ISAITB / shacl-validator

Web and command-line application for the validation of RDF data.
https://joinup.ec.europa.eu/collection/interoperability-test-bed-repository/solution/rdf-validator
European Union Public License 1.2
13 stars 1 forks source link

Doing validation with query fails for properties with a sh:class restriction #1

Closed Roensby closed 2 years ago

Roensby commented 2 years ago

I haven't fully wrapped my head around the SHACL validator yet, so this may just be a simple misunderstanding of what it can do.

Let's say that I load a triplestore with the schema.org models.

I then create a schema:Person, say

<http://example.org/bob> schema:name "Bob"
<http://example.org/bob> rdf:type schema:Person

Then I create a simple SHACL shape for schema:Event that restricts the schema:organizer to a schema:Person:

schema:Event
  a rdfs:Class ;
  a sh:NodeShape ;
  rdfs:label "Event" ;
  sh:property [
    sh:path schema:organizer ;
    sh:class schema:Person ;
  ] ;
.

I have hooked up the SHACL validator to the triplestore and I now use the SHACL query validation tool with a CONSTRUCT query to validate a schema:Event, referencing Bob as organizer:

CONSTRUCT { 
    <http://example.org/my-event> rdf:type <https://schema.org/Event> . 
    <http://example.org/my-event> schema:organizer ?newValueForOrganizer . 
} WHERE {
    VALUES ( ?newValueForOrganizer ) { ( <http://example.org/bob> ) } .
}

I would expect this to pass validation, since the triplestore has Bob stored as a schema:Person. However, it fails:

 Value must be an instance of schema:Person
Location:[Focus node] - [http://example.org/my-event] - [Result path] - [https://schema.org/organizer]
Test:[Value] - [http://example.org/bob]

Am I expecting too much in terms of the SHACL validator resolving <http://example.org/bob> and discovering its rdf:type via the connection to the triplestore?

In any case, thank you for your work!

Roensby commented 2 years ago

It seems that if I include a reference in the CONSTRUCT query to the type of the value, it validates successfully. I'll close it, since it seems to solve the issue.

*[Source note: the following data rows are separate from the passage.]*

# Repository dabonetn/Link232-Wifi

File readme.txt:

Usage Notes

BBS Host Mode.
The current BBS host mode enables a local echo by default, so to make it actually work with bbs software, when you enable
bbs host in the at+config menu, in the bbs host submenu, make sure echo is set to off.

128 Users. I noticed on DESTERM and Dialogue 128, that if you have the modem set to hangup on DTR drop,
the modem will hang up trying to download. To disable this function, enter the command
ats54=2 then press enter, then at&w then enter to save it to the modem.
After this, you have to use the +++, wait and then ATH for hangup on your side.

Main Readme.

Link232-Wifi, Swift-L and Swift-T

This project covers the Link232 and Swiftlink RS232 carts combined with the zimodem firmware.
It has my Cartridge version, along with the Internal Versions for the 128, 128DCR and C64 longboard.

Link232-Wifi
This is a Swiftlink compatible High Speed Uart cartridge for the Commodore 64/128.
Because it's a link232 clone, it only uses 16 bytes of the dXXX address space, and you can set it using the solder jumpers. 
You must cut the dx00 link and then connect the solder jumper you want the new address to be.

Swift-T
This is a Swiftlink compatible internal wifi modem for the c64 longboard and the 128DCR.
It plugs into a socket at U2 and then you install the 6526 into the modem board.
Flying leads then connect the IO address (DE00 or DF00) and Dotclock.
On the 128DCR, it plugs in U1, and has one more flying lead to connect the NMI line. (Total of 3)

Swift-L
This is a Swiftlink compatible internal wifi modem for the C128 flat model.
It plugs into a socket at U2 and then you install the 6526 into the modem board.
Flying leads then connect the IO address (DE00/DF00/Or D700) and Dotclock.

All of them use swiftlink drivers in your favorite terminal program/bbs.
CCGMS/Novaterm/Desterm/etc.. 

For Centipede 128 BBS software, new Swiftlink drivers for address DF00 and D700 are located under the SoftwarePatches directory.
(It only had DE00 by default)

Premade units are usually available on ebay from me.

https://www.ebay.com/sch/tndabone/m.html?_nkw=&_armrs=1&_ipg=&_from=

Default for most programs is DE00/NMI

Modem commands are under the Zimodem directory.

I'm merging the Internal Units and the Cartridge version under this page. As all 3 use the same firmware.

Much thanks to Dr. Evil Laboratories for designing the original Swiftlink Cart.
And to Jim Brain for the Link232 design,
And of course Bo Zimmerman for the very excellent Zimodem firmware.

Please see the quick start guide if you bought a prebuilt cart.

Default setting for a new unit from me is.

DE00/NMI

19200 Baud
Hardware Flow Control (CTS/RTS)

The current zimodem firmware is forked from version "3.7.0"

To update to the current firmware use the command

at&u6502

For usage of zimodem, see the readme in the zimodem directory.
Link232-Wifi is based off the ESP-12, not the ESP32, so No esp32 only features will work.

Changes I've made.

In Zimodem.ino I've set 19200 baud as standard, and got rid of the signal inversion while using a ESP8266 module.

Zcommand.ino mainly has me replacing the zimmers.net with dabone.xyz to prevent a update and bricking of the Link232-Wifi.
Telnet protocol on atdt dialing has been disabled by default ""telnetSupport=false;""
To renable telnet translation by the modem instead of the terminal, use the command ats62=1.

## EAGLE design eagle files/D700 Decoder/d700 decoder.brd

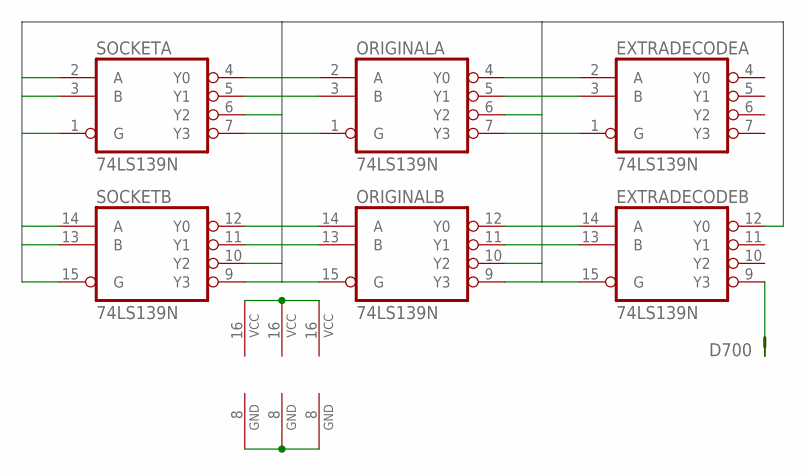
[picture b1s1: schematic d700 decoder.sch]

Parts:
D700: TP; JP1
EXTRADECODE: 74LS139N; DIL16
ORIGINAL: 74LS139N; DIL16
SOCKET: 74LS139N; DIL16

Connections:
A(2): EXTRADECODE.2 (A), ORIGINAL.2 (A), SOCKET.2 (A)
A(14): EXTRADECODE.14 (A), ORIGINAL.14 (A), SOCKET.14 (A)
B(3): EXTRADECODE.3 (B), ORIGINAL.3 (B), SOCKET.3 (B)
B(13): EXTRADECODE.13 (B), ORIGINAL.13 (B), SOCKET.13 (B)
G(1): EXTRADECODE.1 (G), ORIGINAL.1 (G), SOCKET.1 (G)
G(15): ORIGINAL.15 (G), SOCKET.15 (G)
GND: EXTRADECODE.8 (GND), ORIGINAL.8 (GND), SOCKET.8 (GND)
unnamed: D700.1, EXTRADECODE.9 (Y3)
SIDINTERNAL: EXTRADECODE.15 (G), ORIGINAL.5 (Y1)
VCC: EXTRADECODE.16 (VCC), ORIGINAL.16 (VCC), SOCKET.16 (VCC)
Y0(4-VICOUT): ORIGINAL.4 (Y0), SOCKET.4 (Y0)
Y0(12): ORIGINAL.12 (Y0), SOCKET.12 (Y0)
Y1(5-SIDOUT): EXTRADECODE.12 (Y0), SOCKET.5 (Y1)
Y1(11): ORIGINAL.11 (Y1), SOCKET.11 (Y1)
Y2(6): ORIGINAL.6 (Y2), SOCKET.6 (Y2)
Y2(10): ORIGINAL.10 (Y2), SOCKET.10 (Y2)
Y3(7): ORIGINAL.7 (Y3), SOCKET.7 (Y3)
Y3(9): ORIGINAL.9 (Y3), SOCKET.9 (Y3)

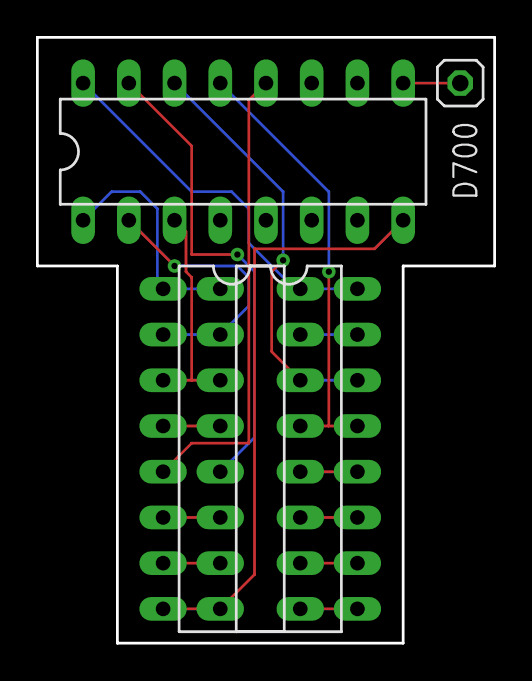
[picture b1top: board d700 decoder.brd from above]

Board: 2 copper layers, 25.4 x 33.7 mm, 4 parts (0 on the bottom side), 18 nets.

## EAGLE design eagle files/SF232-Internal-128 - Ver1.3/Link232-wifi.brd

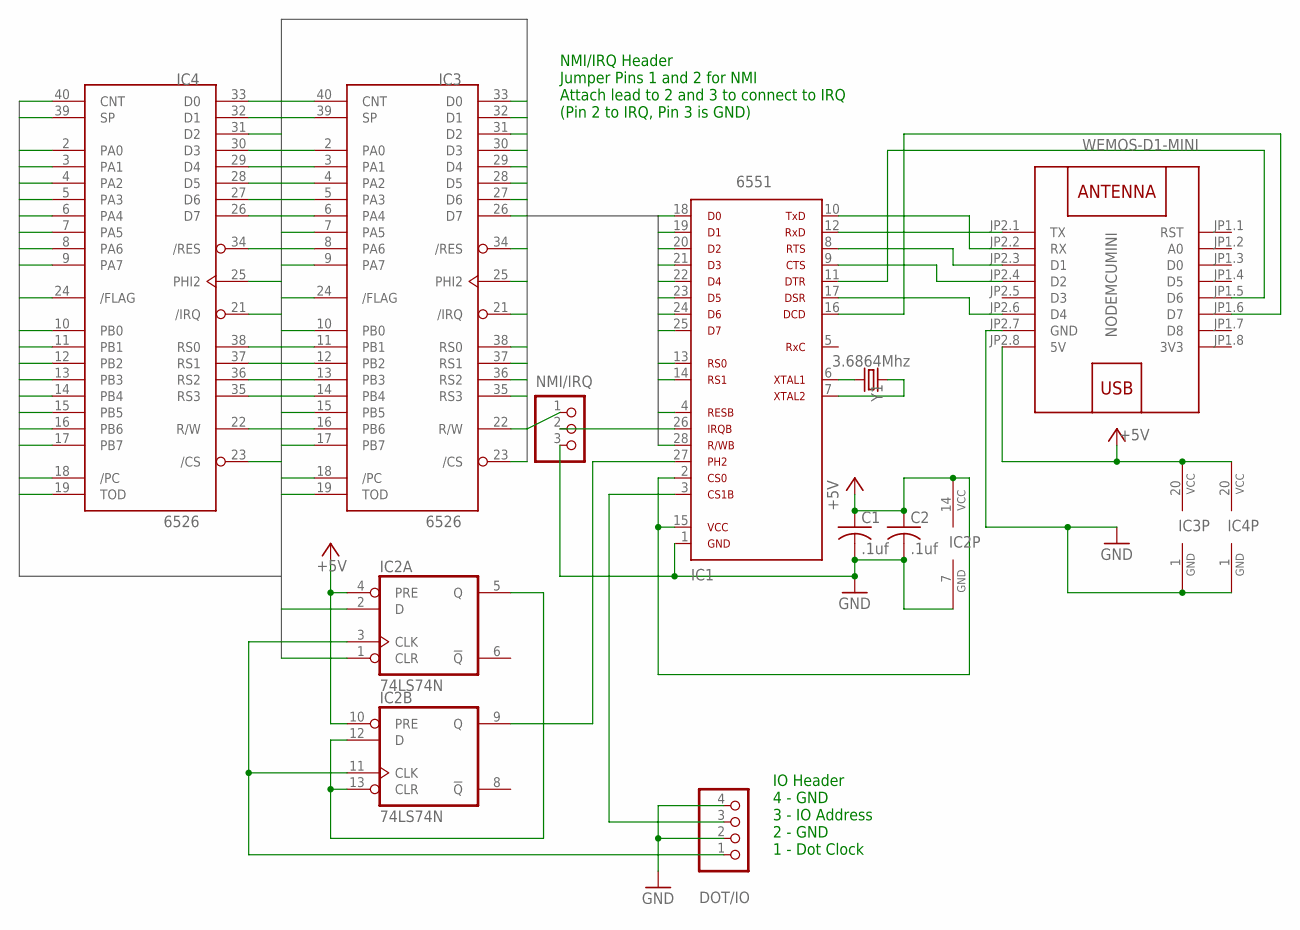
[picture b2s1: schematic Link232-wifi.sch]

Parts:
C1, C2: .1uf; C050-024X044
DOT/IO: PINHD-1X4; 1X04
IC1: 6551
IC2: 74LS74N; DIL14
IC3, IC4: 6526; DIP40
JP1: NMI/IRQ; 1X03
NODEMCUMINI: WEMOS-D1-MINI
Y1: 3.6864Mhz; HC49US

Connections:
3V3: NODEMCUMINI.JP1.8 (3V3)
+5V: C1.1, C2.1, IC1.2, IC1.15, IC2.4 (PRE), IC2.10 (PRE), IC2.14 (VCC), IC3.20 (VCC), IC4.20 (VCC), NODEMCUMINI.JP2.8 (5V)
/CS: IC3.23 (/CS), IC4.23 (/CS)
/FLAG: IC3.24 (/FLAG), IC4.24 (/FLAG)
/PC: IC3.18 (/PC), IC4.18 (/PC)
CNT: IC3.40 (CNT), IC4.40 (CNT)
D0: IC1.18, IC3.33 (D0), IC4.33 (D0)
D1: IC1.19, IC3.32 (D1), IC4.32 (D1)
D2: IC1.20, IC3.31 (D2), IC4.31 (D2)
D3: IC1.21, IC3.30 (D3), IC4.30 (D3)
D4: IC1.22, IC3.29 (D4), IC4.29 (D4)
D5: IC1.23, IC3.28 (D5), IC4.28 (D5)
D6: IC1.24, IC3.27 (D6), IC4.27 (D6)
D7: IC1.25, IC3.26 (D7), IC4.26 (D7)
GND: C1.2, C2.2, DOT/IO.2, DOT/IO.4, IC1.1, IC2.7 (GND), IC3.1 (GND), IC4.1 (GND), JP1.3, NODEMCUMINI.JP2.7 (GND)
IRQ: IC3.21 (/IRQ), IC4.21 (/IRQ), JP1.1
unnamed: DOT/IO.1, IC2.3 (CLK), IC2.11 (CLK)
unnamed: IC2.5 (Q), IC2.12 (D), IC2.13 (CLR)
unnamed: IC1.27, IC2.9 (Q)
unnamed: IC1.26, JP1.2
unnamed: DOT/IO.3, IC1.3
unnamed: IC1.6, Y1.2
unnamed: IC1.7, Y1.1
unnamed: IC1.12, NODEMCUMINI.JP2.1 (TX)
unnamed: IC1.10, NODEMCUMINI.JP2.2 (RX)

Does not validate, because the validator cannot resolve the rdf:type of Bob:

CONSTRUCT { 
    <http://example.org/my-event> rdf:type schema:Event . 
    <http://example.org/my-event> schema:organizer ?organizer . 
} WHERE {
    ?organizer schema:name "Bob" .
}

Does validate, because the validator is given the type of Bob to construct with:

CONSTRUCT { 
    <http://example.org/my-event> rdf:type schema:Event . 
    <http://example.org/my-event> schema:organizer ?organizer . 
        ?organizer rdf:type ?organizerType .
} WHERE {
    ?organizer schema:name "Bob" .
        ?organizer rdf:type ?organizerType
}
costas80 commented 2 years ago

You are right @Roensby in your earlier comment. The fact that you have additional information in your triple store does not mean that this is somehow available to the validator. The validator simply executes a SPARQL CONSTRUCT query to get a graph which should contain all the context information needed to correctly validate against it's shapes. As you correctly point out, in this example the query should also return the type of "Bob", otherwise the validator has no way of knowing about it.

This in fact is more a general point regarding validation with SHACL shapes (and not one specific to the ITB's SHACL validator): you need to always ensure that all context that would be needed, either in the input data or the shapes themselves is either configured in or provided to the validator. Taking foaf as a common example, if you are writing a shape that verifies something is a foaf:Agent and you use it to validate a foaf:Person (a subclass of foaf:Agent), the validator would need to also be configured with the foaf vocabulary to understand that something which is a foaf:Person is also a foaf:Agent (i.e. you would provide the foaf vocabulary via a validator.shaclFile.XYZ config entry either locally or remotely).